### WHAT YOU NEED TO DO
Restate word for word the lines in the listing below, starting at the line containing "#172=DIRECTION('',(0.,0.,-1.));" and ending at the line containing "#177=VERTEX_POINT('',#176);", both included; leave out the rest.

### DATA FOR PROCESSING
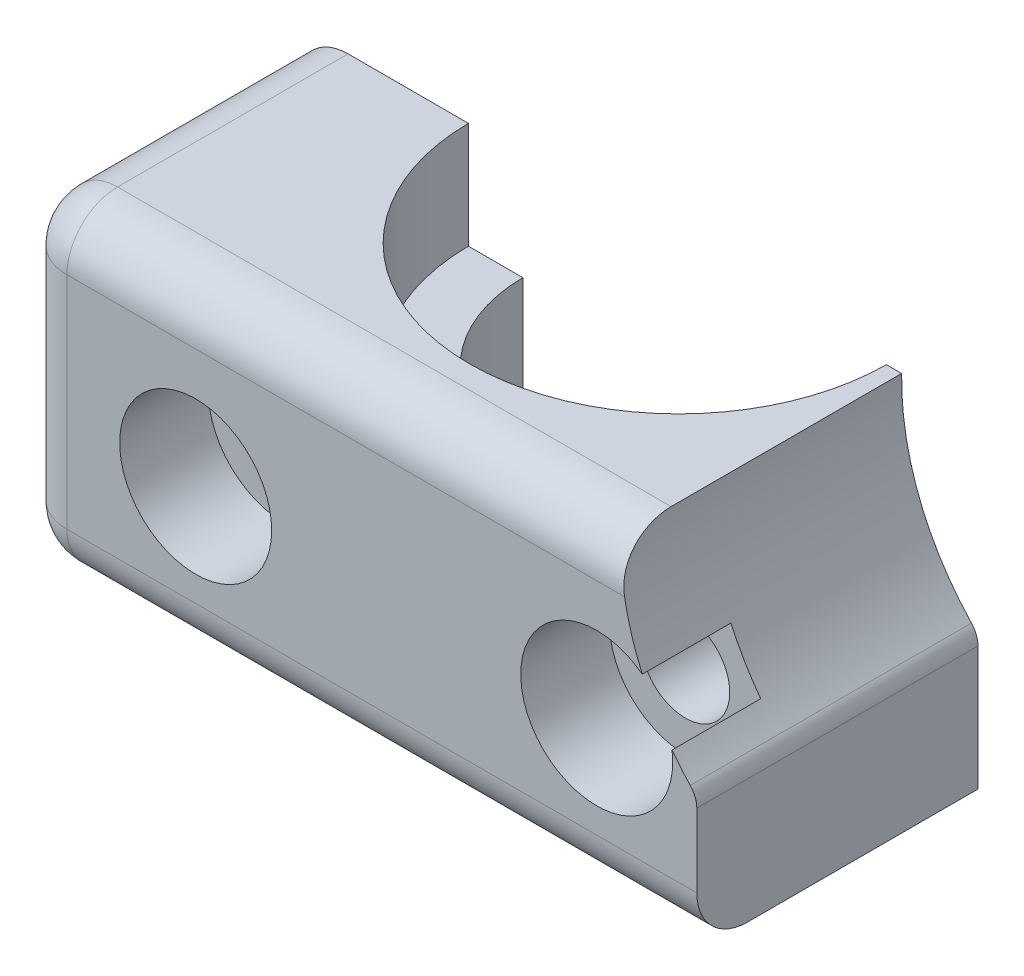
ISO-10303-21;
HEADER;
FILE_DESCRIPTION(('STEP AP214'),'2;1');
FILE_NAME('part.step','',(''),(''),'','','');
FILE_SCHEMA(('AUTOMOTIVE_DESIGN { 1 0 10303 214 1 1 1 1 }'));
ENDSEC;
DATA;
#1=APPLICATION_CONTEXT('core data for automotive mechanical design processes');
#2=APPLICATION_PROTOCOL_DEFINITION('international standard','automotive_design',2000,#1);
#3=PRODUCT_CONTEXT('',#1,'mechanical');
#4=PRODUCT('Part','Part','',(#3));
#5=PRODUCT_RELATED_PRODUCT_CATEGORY('part','',(#4));
#6=PRODUCT_DEFINITION_FORMATION('','',#4);
#7=PRODUCT_DEFINITION_CONTEXT('part definition',#1,'design');
#8=PRODUCT_DEFINITION('design','',#6,#7);
#9=PRODUCT_DEFINITION_SHAPE('','',#8);
#10=(LENGTH_UNIT() NAMED_UNIT(*) SI_UNIT(.MILLI.,.METRE.));
#11=(NAMED_UNIT(*) PLANE_ANGLE_UNIT() SI_UNIT($,.RADIAN.));
#12=(NAMED_UNIT(*) SI_UNIT($,.STERADIAN.) SOLID_ANGLE_UNIT());
#13=UNCERTAINTY_MEASURE_WITH_UNIT(LENGTH_MEASURE(1.E-05),#10,'distance_accuracy_value','');
#14=(GEOMETRIC_REPRESENTATION_CONTEXT(3) GLOBAL_UNCERTAINTY_ASSIGNED_CONTEXT((#13)) GLOBAL_UNIT_ASSIGNED_CONTEXT((#10,
#11,#12)) REPRESENTATION_CONTEXT('',''));
#15=CARTESIAN_POINT('',(0.,0.,0.));
#16=DIRECTION('',(0.,0.,1.));
#17=DIRECTION('',(1.,0.,0.));
#18=AXIS2_PLACEMENT_3D('',#15,#16,#17);
#19=CARTESIAN_POINT('',(-33.5734421203061,-17.5520097629016,27.2355834067229));
#20=DIRECTION('',(0.,1.,0.));
#21=DIRECTION('',(0.,0.,1.));
#22=AXIS2_PLACEMENT_3D('',#19,#20,#21);
#23=CYLINDRICAL_SURFACE('',#22,6.10000000000001);
#24=DIRECTION('',(0.,1.,0.));
#25=VECTOR('',#24,1.);
#26=CARTESIAN_POINT('',(-27.4736470417809,-17.5520097629016,27.2855834067229));
#27=LINE('',#26,#25);
#28=CARTESIAN_POINT('',(-27.4736470417809,10.7825140162545,27.2855834067229));
#29=VERTEX_POINT('',#28);
#30=CARTESIAN_POINT('',(-27.4736470417809,5.78251401625447,27.2855834067229));
#31=VERTEX_POINT('',#30);
#32=EDGE_CURVE('E319',#29,#31,#27,.F.);
#33=ORIENTED_EDGE('',*,*,#32,.T.);
#34=CARTESIAN_POINT('',(-33.5734421203061,5.78251401625447,27.2355834067229));
#35=DIRECTION('',(0.,-1.,0.));
#36=DIRECTION('',(0.,0.,-1.));
#37=AXIS2_PLACEMENT_3D('',#34,#35,#36);
#38=CIRCLE('',#37,6.10000000000001);
#39=CARTESIAN_POINT('',(-39.6732371988313,5.78251401625447,27.2855834067229));
#40=VERTEX_POINT('',#39);
#41=EDGE_CURVE('E48',#31,#40,#38,.T.);
#42=ORIENTED_EDGE('',*,*,#41,.T.);
#43=DIRECTION('',(0.,1.,0.));
#44=VECTOR('',#43,1.);
#45=CARTESIAN_POINT('',(-39.6732371988313,-17.5520097629016,27.2855834067229));
#46=LINE('',#45,#44);
#47=CARTESIAN_POINT('',(-39.6732371988313,10.7825140162545,27.2855834067229));
#48=VERTEX_POINT('',#47);
#49=EDGE_CURVE('E350',#40,#48,#46,.T.);
#50=ORIENTED_EDGE('',*,*,#49,.T.);
#51=CARTESIAN_POINT('',(-33.5734421203061,10.7825140162545,27.2355834067229));
#52=DIRECTION('',(0.,-1.,0.));
#53=DIRECTION('',(0.,0.,-1.));
#54=AXIS2_PLACEMENT_3D('',#51,#52,#53);
#55=CIRCLE('',#54,6.10000000000001);
#56=EDGE_CURVE('E324',#29,#48,#55,.T.);
#57=ORIENTED_EDGE('',*,*,#56,.F.);
#58=EDGE_LOOP('',(#33,#42,#50,#57));
#59=FACE_BOUND('',#58,.T.);
#60=ADVANCED_FACE('F45',(#59),#23,.F.);
#61=CARTESIAN_POINT('',(0.,5.78251401625447,0.));
#62=DIRECTION('',(0.,1.,0.));
#63=DIRECTION('',(0.,0.,1.));
#64=AXIS2_PLACEMENT_3D('',#61,#62,#63);
#65=PLANE('',#64);
#66=ORIENTED_EDGE('',*,*,#41,.F.);
#67=DIRECTION('',(-1.,0.,0.));
#68=VECTOR('',#67,1.);
#69=CARTESIAN_POINT('',(0.,5.78251401625446,27.2855834067229));
#70=LINE('',#69,#68);
#71=CARTESIAN_POINT('',(-25.323593636849,5.78251401625446,27.2855834067229));
#72=VERTEX_POINT('',#71);
#73=EDGE_CURVE('E327',#72,#31,#70,.T.);
#74=ORIENTED_EDGE('',*,*,#73,.F.);
#75=CARTESIAN_POINT('',(-33.5734421203061,5.78251401625447,27.2355834067229));
#76=DIRECTION('',(0.,1.,0.));
#77=DIRECTION('',(0.,0.,1.));
#78=AXIS2_PLACEMENT_3D('',#75,#76,#77);
#79=CIRCLE('',#78,8.25);
#80=CARTESIAN_POINT('',(-41.8232906037632,5.78251401625447,27.2855834067229));
#81=VERTEX_POINT('',#80);
#82=EDGE_CURVE('E454',#81,#72,#79,.T.);
#83=ORIENTED_EDGE('',*,*,#82,.F.);
#84=EDGE_CURVE('E204',#40,#81,#70,.T.);
#85=ORIENTED_EDGE('',*,*,#84,.F.);
#86=EDGE_LOOP('',(#66,#74,#83,#85));
#87=FACE_BOUND('',#86,.T.);
#88=ADVANCED_FACE('F272',(#87),#65,.F.);
#89=CARTESIAN_POINT('',(-41.4886552482093,8.28251401625446,34.8855834067228));
#90=DIRECTION('',(0.,0.,1.));
#91=DIRECTION('',(1.,0.,0.));
#92=AXIS2_PLACEMENT_3D('',#89,#90,#91);
#93=PLANE('',#92);
#94=CARTESIAN_POINT('',(-41.4886552482093,8.28251401625446,34.8855834067228));
#95=DIRECTION('',(0.,0.,1.));
#96=DIRECTION('',(1.,0.,0.));
#97=AXIS2_PLACEMENT_3D('',#94,#95,#96);
#98=CIRCLE('',#97,3.);
#99=CARTESIAN_POINT('',(-38.4886552482093,8.28251401625446,34.8855834067228));
#100=VERTEX_POINT('',#99);
#101=EDGE_CURVE('E351',#100,#100,#98,.T.);
#102=ORIENTED_EDGE('',*,*,#101,.T.);
#103=EDGE_LOOP('',(#102));
#104=FACE_BOUND('',#103,.T.);
#105=CARTESIAN_POINT('',(-41.4886552482093,8.28251401625446,34.8855834067228));
#106=DIRECTION('',(0.,0.,1.));
#107=DIRECTION('',(1.,0.,0.));
#108=AXIS2_PLACEMENT_3D('',#105,#106,#107);
#109=CIRCLE('',#108,1.75);
#110=CARTESIAN_POINT('',(-39.7386552482093,8.28251401625446,34.8855834067228));
#111=VERTEX_POINT('',#110);
#112=EDGE_CURVE('E353',#111,#111,#109,.F.);
#113=ORIENTED_EDGE('',*,*,#112,.T.);
#114=EDGE_LOOP('',(#113));
#115=FACE_BOUND('',#114,.T.);
#116=ADVANCED_FACE('F275',(#104,#115),#93,.T.);
#117=CARTESIAN_POINT('',(-41.4886552482093,8.28251401625446,22.285835938417));
#118=DIRECTION('',(0.,0.,1.));
#119=DIRECTION('',(1.,0.,0.));
#120=AXIS2_PLACEMENT_3D('',#117,#118,#119);
#121=CYLINDRICAL_SURFACE('',#120,1.75);
#122=ORIENTED_EDGE('',*,*,#112,.F.);
#123=EDGE_LOOP('',(#122));
#124=FACE_BOUND('',#123,.T.);
#125=CARTESIAN_POINT('',(-41.4886552482093,8.28251401625446,27.2855834067229));
#126=DIRECTION('',(0.,0.,-1.));
#127=DIRECTION('',(0.,1.,0.));
#128=AXIS2_PLACEMENT_3D('',#125,#126,#127);
#129=CIRCLE('',#128,1.75);
#130=CARTESIAN_POINT('',(-41.4886552482093,10.0325140162545,27.2855834067229));
#131=VERTEX_POINT('',#130);
#132=EDGE_CURVE('E201',#131,#131,#129,.F.);
#133=ORIENTED_EDGE('',*,*,#132,.F.);
#134=EDGE_LOOP('',(#133));
#135=FACE_BOUND('',#134,.T.);
#136=ADVANCED_FACE('F283',(#124,#135),#121,.F.);
#137=CARTESIAN_POINT('',(-41.4886552482093,8.28251401625446,34.8855834067228));
#138=DIRECTION('',(0.,0.,1.));
#139=DIRECTION('',(1.,0.,0.));
#140=AXIS2_PLACEMENT_3D('',#137,#138,#139);
#141=CYLINDRICAL_SURFACE('',#140,3.);
#142=ORIENTED_EDGE('',*,*,#101,.F.);
#143=EDGE_LOOP('',(#142));
#144=FACE_BOUND('',#143,.T.);
#145=CARTESIAN_POINT('',(-41.4886552482093,8.28251401625446,38.3855834067229));
#146=DIRECTION('',(0.,0.,1.));
#147=DIRECTION('',(1.,0.,0.));
#148=AXIS2_PLACEMENT_3D('',#145,#146,#147);
#149=CIRCLE('',#148,3.);
#150=CARTESIAN_POINT('',(-38.4886552482093,8.28251401625446,38.3855834067229));
#151=VERTEX_POINT('',#150);
#152=EDGE_CURVE('E357',#151,#151,#149,.T.);
#153=ORIENTED_EDGE('',*,*,#152,.T.);
#154=EDGE_LOOP('',(#153));
#155=FACE_BOUND('',#154,.T.);
#156=ADVANCED_FACE('F261',(#144,#155),#141,.F.);
#157=CARTESIAN_POINT('',(-48.5734421203059,2.28251401626882,113.118440972856));
#158=DIRECTION('',(-1.,0.,0.));
#159=DIRECTION('',(0.,0.,1.));
#160=AXIS2_PLACEMENT_3D('',#157,#158,#159);
#161=PLANE('',#160);
#162=DIRECTION('',(0.,1.,0.));
#163=VECTOR('',#162,1.);
#164=CARTESIAN_POINT('',(-48.5734421203059,2.28251401626883,27.2855834067229));
#165=LINE('',#164,#163);
#166=CARTESIAN_POINT('',(-48.5734421203059,4.28251401626883,27.2855834067229));
#167=VERTEX_POINT('',#166);
#168=CARTESIAN_POINT('',(-48.5734421203059,12.9825140162688,27.2855834067229));
#169=VERTEX_POINT('',#168);
#170=EDGE_CURVE('E389',#167,#169,#165,.T.);
#171=ORIENTED_EDGE('',*,*,#170,.F.);
#172=DIRECTION('',(0.,0.,-1.));
#173=VECTOR('',#172,1.);
#174=CARTESIAN_POINT('',(-48.5734421203059,4.28251401626882,113.118440972856));
#175=LINE('',#174,#173);
#176=CARTESIAN_POINT('',(-48.5734421203059,4.28251401626883,36.3855834067229));
#177=VERTEX_POINT('',#176);
#178=EDGE_CURVE('E381',#167,#177,#175,.F.);
#179=ORIENTED_EDGE('',*,*,#178,.T.);
#180=DIRECTION('',(0.,1.,0.));
#181=VECTOR('',#180,1.);
#182=CARTESIAN_POINT('',(-48.5734421203059,2.28251401626882,36.3855834067229));
#183=LINE('',#182,#181);
#184=CARTESIAN_POINT('',(-48.5734421203059,12.9825140162688,36.3855834067229));
#185=VERTEX_POINT('',#184);
#186=EDGE_CURVE('E383',#177,#185,#183,.T.);
#187=ORIENTED_EDGE('',*,*,#186,.T.);
#188=DIRECTION('',(0.,0.,-1.));
#189=VECTOR('',#188,1.);
#190=CARTESIAN_POINT('',(-48.5734421203059,12.9825140162688,113.118440972856));
#191=LINE('',#190,#189);
#192=EDGE_CURVE('E194',#185,#169,#191,.T.);
#193=ORIENTED_EDGE('',*,*,#192,.T.);
#194=EDGE_LOOP('',(#171,#179,#187,#193));
#195=FACE_BOUND('',#194,.T.);
#196=ADVANCED_FACE('F257',(#195),#161,.T.);
#197=CARTESIAN_POINT('',(19.4265578796941,2.28251401626882,113.118440972856));
#198=DIRECTION('',(0.,-1.,0.));
#199=DIRECTION('',(0.,0.,-1.));
#200=AXIS2_PLACEMENT_3D('',#197,#198,#199);
#201=PLANE('',#200);
#202=DIRECTION('',(-1.,0.,0.));
#203=VECTOR('',#202,1.);
#204=CARTESIAN_POINT('',(19.4265578796941,2.28251401626883,36.3855834067229));
#205=LINE('',#204,#203);
#206=CARTESIAN_POINT('',(-21.7082289924029,2.28251401626883,36.3855834067229));
#207=VERTEX_POINT('',#206);
#208=CARTESIAN_POINT('',(-46.5734421203059,2.28251401626883,36.3855834067229));
#209=VERTEX_POINT('',#208);
#210=EDGE_CURVE('E385',#207,#209,#205,.T.);
#211=ORIENTED_EDGE('',*,*,#210,.T.);
#212=DIRECTION('',(0.,0.,-1.));
#213=VECTOR('',#212,1.);
#214=CARTESIAN_POINT('',(-46.5734421203059,2.28251401626882,113.118440972856));
#215=LINE('',#214,#213);
#216=CARTESIAN_POINT('',(-46.5734421203059,2.28251401626883,27.2855834067229));
#217=VERTEX_POINT('',#216);
#218=EDGE_CURVE('E393',#209,#217,#215,.T.);
#219=ORIENTED_EDGE('',*,*,#218,.T.);
#220=DIRECTION('',(1.,0.,0.));
#221=VECTOR('',#220,1.);
#222=CARTESIAN_POINT('',(-48.5734421203059,2.28251401626883,27.2855834067229));
#223=LINE('',#222,#221);
#224=CARTESIAN_POINT('',(-41.8232906037632,2.28251401626883,27.2855834067229));
#225=VERTEX_POINT('',#224);
#226=EDGE_CURVE('E414',#217,#225,#223,.T.);
#227=ORIENTED_EDGE('',*,*,#226,.T.);
#228=CARTESIAN_POINT('',(-33.5734421203061,2.28251401626883,27.2355834067229));
#229=DIRECTION('',(0.,-1.,0.));
#230=DIRECTION('',(0.,0.,-1.));
#231=AXIS2_PLACEMENT_3D('',#228,#229,#230);
#232=CIRCLE('',#231,8.25000000000001);
#233=CARTESIAN_POINT('',(-25.3235936368489,2.28251401626883,27.2855834067229));
#234=VERTEX_POINT('',#233);
#235=EDGE_CURVE('E416',#225,#234,#232,.F.);
#236=ORIENTED_EDGE('',*,*,#235,.T.);
#237=CARTESIAN_POINT('',(-21.7082289924029,2.28251401626883,27.2855834067229));
#238=VERTEX_POINT('',#237);
#239=EDGE_CURVE('E366',#234,#238,#223,.T.);
#240=ORIENTED_EDGE('',*,*,#239,.T.);
#241=DIRECTION('',(0.,0.,-1.));
#242=VECTOR('',#241,1.);
#243=CARTESIAN_POINT('',(-21.7082289924029,2.28251401626883,38.3855834067229));
#244=LINE('',#243,#242);
#245=EDGE_CURVE('E215',#207,#238,#244,.T.);
#246=ORIENTED_EDGE('',*,*,#245,.F.);
#247=EDGE_LOOP('',(#211,#219,#227,#236,#240,#246));
#248=FACE_BOUND('',#247,.T.);
#249=ADVANCED_FACE('F253',(#248),#201,.T.);
#250=CARTESIAN_POINT('',(-25.6582289924029,8.28251401625447,22.285835938417));
#251=DIRECTION('',(0.,0.,1.));
#252=DIRECTION('',(1.,0.,0.));
#253=AXIS2_PLACEMENT_3D('',#250,#251,#252);
#254=CYLINDRICAL_SURFACE('',#253,1.75);
#255=CARTESIAN_POINT('',(-25.6582289924029,8.28251401625447,34.8855834067228));
#256=DIRECTION('',(0.,0.,1.));
#257=DIRECTION('',(1.,0.,0.));
#258=AXIS2_PLACEMENT_3D('',#255,#256,#257);
#259=CIRCLE('',#258,1.75);
#260=CARTESIAN_POINT('',(-23.9082289924029,8.28251401625447,34.8855834067228));
#261=VERTEX_POINT('',#260);
#262=EDGE_CURVE('E378',#261,#261,#259,.F.);
#263=ORIENTED_EDGE('',*,*,#262,.F.);
#264=EDGE_LOOP('',(#263));
#265=FACE_BOUND('',#264,.T.);
#266=CARTESIAN_POINT('',(-25.6582289924029,8.28251401625447,27.2855834067229));
#267=DIRECTION('',(0.,0.,-1.));
#268=DIRECTION('',(0.,1.,0.));
#269=AXIS2_PLACEMENT_3D('',#266,#267,#268);
#270=CIRCLE('',#269,1.75);
#271=CARTESIAN_POINT('',(-25.6582289924029,10.0325140162545,27.2855834067229));
#272=VERTEX_POINT('',#271);
#273=EDGE_CURVE('E222',#272,#272,#270,.F.);
#274=ORIENTED_EDGE('',*,*,#273,.F.);
#275=EDGE_LOOP('',(#274));
#276=FACE_BOUND('',#275,.T.);
#277=ADVANCED_FACE('F256',(#265,#276),#254,.F.);
#278=CARTESIAN_POINT('',(-25.6582289924029,8.28251401625447,34.8855834067228));
#279=DIRECTION('',(0.,0.,1.));
#280=DIRECTION('',(1.,0.,0.));
#281=AXIS2_PLACEMENT_3D('',#278,#279,#280);
#282=CYLINDRICAL_SURFACE('',#281,3.);
#283=DIRECTION('',(0.,0.,-1.));
#284=VECTOR('',#283,1.);
#285=CARTESIAN_POINT('',(-23.8586502619907,10.6828299106834,32.8355834067229));
#286=LINE('',#285,#284);
#287=CARTESIAN_POINT('',(-23.8586502619907,10.6828299106834,38.3855834067229));
#288=VERTEX_POINT('',#287);
#289=CARTESIAN_POINT('',(-23.8586502619907,10.6828299106834,34.8855834067228));
#290=VERTEX_POINT('',#289);
#291=EDGE_CURVE('E447',#288,#290,#286,.T.);
#292=ORIENTED_EDGE('',*,*,#291,.F.);
#293=CARTESIAN_POINT('',(-25.6582289924029,8.28251401625447,38.3855834067229));
#294=DIRECTION('',(0.,0.,1.));
#295=DIRECTION('',(1.,0.,0.));
#296=AXIS2_PLACEMENT_3D('',#293,#294,#295);
#297=CIRCLE('',#296,3.);
#298=CARTESIAN_POINT('',(-22.6848158736963,8.68102929262916,38.3855834067229));
#299=VERTEX_POINT('',#298);
#300=EDGE_CURVE('E362',#288,#299,#297,.T.);
#301=ORIENTED_EDGE('',*,*,#300,.T.);
#302=DIRECTION('',(0.,0.,-1.));
#303=VECTOR('',#302,1.);
#304=CARTESIAN_POINT('',(-22.6848158736964,8.68102929262916,32.8355834067229));
#305=LINE('',#304,#303);
#306=CARTESIAN_POINT('',(-22.6848158736964,8.68102929262916,34.8855834067228));
#307=VERTEX_POINT('',#306);
#308=EDGE_CURVE('E406',#307,#299,#305,.F.);
#309=ORIENTED_EDGE('',*,*,#308,.F.);
#310=CARTESIAN_POINT('',(-25.6582289924029,8.28251401625447,34.8855834067228));
#311=DIRECTION('',(0.,0.,1.));
#312=DIRECTION('',(1.,0.,0.));
#313=AXIS2_PLACEMENT_3D('',#310,#311,#312);
#314=CIRCLE('',#313,3.);
#315=EDGE_CURVE('E365',#290,#307,#314,.T.);
#316=ORIENTED_EDGE('',*,*,#315,.F.);
#317=EDGE_LOOP('',(#292,#301,#309,#316));
#318=FACE_BOUND('',#317,.T.);
#319=ADVANCED_FACE('F281',(#318),#282,.F.);
#320=CARTESIAN_POINT('',(-25.6582289924029,8.28251401625447,34.8855834067228));
#321=DIRECTION('',(0.,0.,1.));
#322=DIRECTION('',(1.,0.,0.));
#323=AXIS2_PLACEMENT_3D('',#320,#321,#322);
#324=PLANE('',#323);
#325=ORIENTED_EDGE('',*,*,#315,.T.);
#326=CARTESIAN_POINT('',(-14.5734421203059,14.7825140162689,34.8855834067228));
#327=DIRECTION('',(0.,0.,1.));
#328=DIRECTION('',(1.,0.,0.));
#329=AXIS2_PLACEMENT_3D('',#326,#327,#328);
#330=CIRCLE('',#329,10.15);
#331=EDGE_CURVE('E369',#307,#290,#330,.F.);
#332=ORIENTED_EDGE('',*,*,#331,.T.);
#333=EDGE_LOOP('',(#325,#332));
#334=FACE_BOUND('',#333,.T.);
#335=ORIENTED_EDGE('',*,*,#262,.T.);
#336=EDGE_LOOP('',(#335));
#337=FACE_BOUND('',#336,.T.);
#338=ADVANCED_FACE('F251',(#334,#337),#324,.T.);
#339=CARTESIAN_POINT('',(11.8546881565214,1.47626687487991,38.3855834067229));
#340=DIRECTION('',(0.,0.,1.));
#341=DIRECTION('',(1.,0.,0.));
#342=AXIS2_PLACEMENT_3D('',#339,#340,#341);
#343=PLANE('',#342);
#344=ORIENTED_EDGE('',*,*,#152,.F.);
#345=EDGE_LOOP('',(#344));
#346=FACE_BOUND('',#345,.T.);
#347=CARTESIAN_POINT('',(-14.5734421203059,14.7825140162689,38.3855834067229));
#348=DIRECTION('',(0.,0.,-1.));
#349=DIRECTION('',(-1.,0.,0.));
#350=AXIS2_PLACEMENT_3D('',#347,#348,#349);
#351=CIRCLE('',#350,10.15);
#352=CARTESIAN_POINT('',(-24.5625612005852,12.9825140162688,38.3855834067229));
#353=VERTEX_POINT('',#352);
#354=EDGE_CURVE('E221',#353,#288,#351,.F.);
#355=ORIENTED_EDGE('',*,*,#354,.F.);
#356=DIRECTION('',(-1.,0.,0.));
#357=VECTOR('',#356,1.);
#358=CARTESIAN_POINT('',(11.8546881565214,12.9825140162688,38.3855834067229));
#359=LINE('',#358,#357);
#360=CARTESIAN_POINT('',(-46.5734421203059,12.9825140162688,38.3855834067229));
#361=VERTEX_POINT('',#360);
#362=EDGE_CURVE('E375',#353,#361,#359,.T.);
#363=ORIENTED_EDGE('',*,*,#362,.T.);
#364=DIRECTION('',(0.,1.,0.));
#365=VECTOR('',#364,1.);
#366=CARTESIAN_POINT('',(-46.5734421203059,1.47626687487991,38.3855834067229));
#367=LINE('',#366,#365);
#368=CARTESIAN_POINT('',(-46.5734421203059,4.28251401626883,38.3855834067229));
#369=VERTEX_POINT('',#368);
#370=EDGE_CURVE('E377',#361,#369,#367,.F.);
#371=ORIENTED_EDGE('',*,*,#370,.T.);
#372=DIRECTION('',(-1.,0.,0.));
#373=VECTOR('',#372,1.);
#374=CARTESIAN_POINT('',(11.8546881565214,4.28251401626883,38.3855834067229));
#375=LINE('',#374,#373);
#376=CARTESIAN_POINT('',(-21.7082289924029,4.28251401626883,38.3855834067229));
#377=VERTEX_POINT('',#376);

### SOLUTION TO THE PROBLEM
#172=DIRECTION('',(0.,0.,-1.));
#173=VECTOR('',#172,1.);
#174=CARTESIAN_POINT('',(-48.5734421203059,4.28251401626882,113.118440972856));
#175=LINE('',#174,#173);
#176=CARTESIAN_POINT('',(-48.5734421203059,4.28251401626883,36.3855834067229));
#177=VERTEX_POINT('',#176);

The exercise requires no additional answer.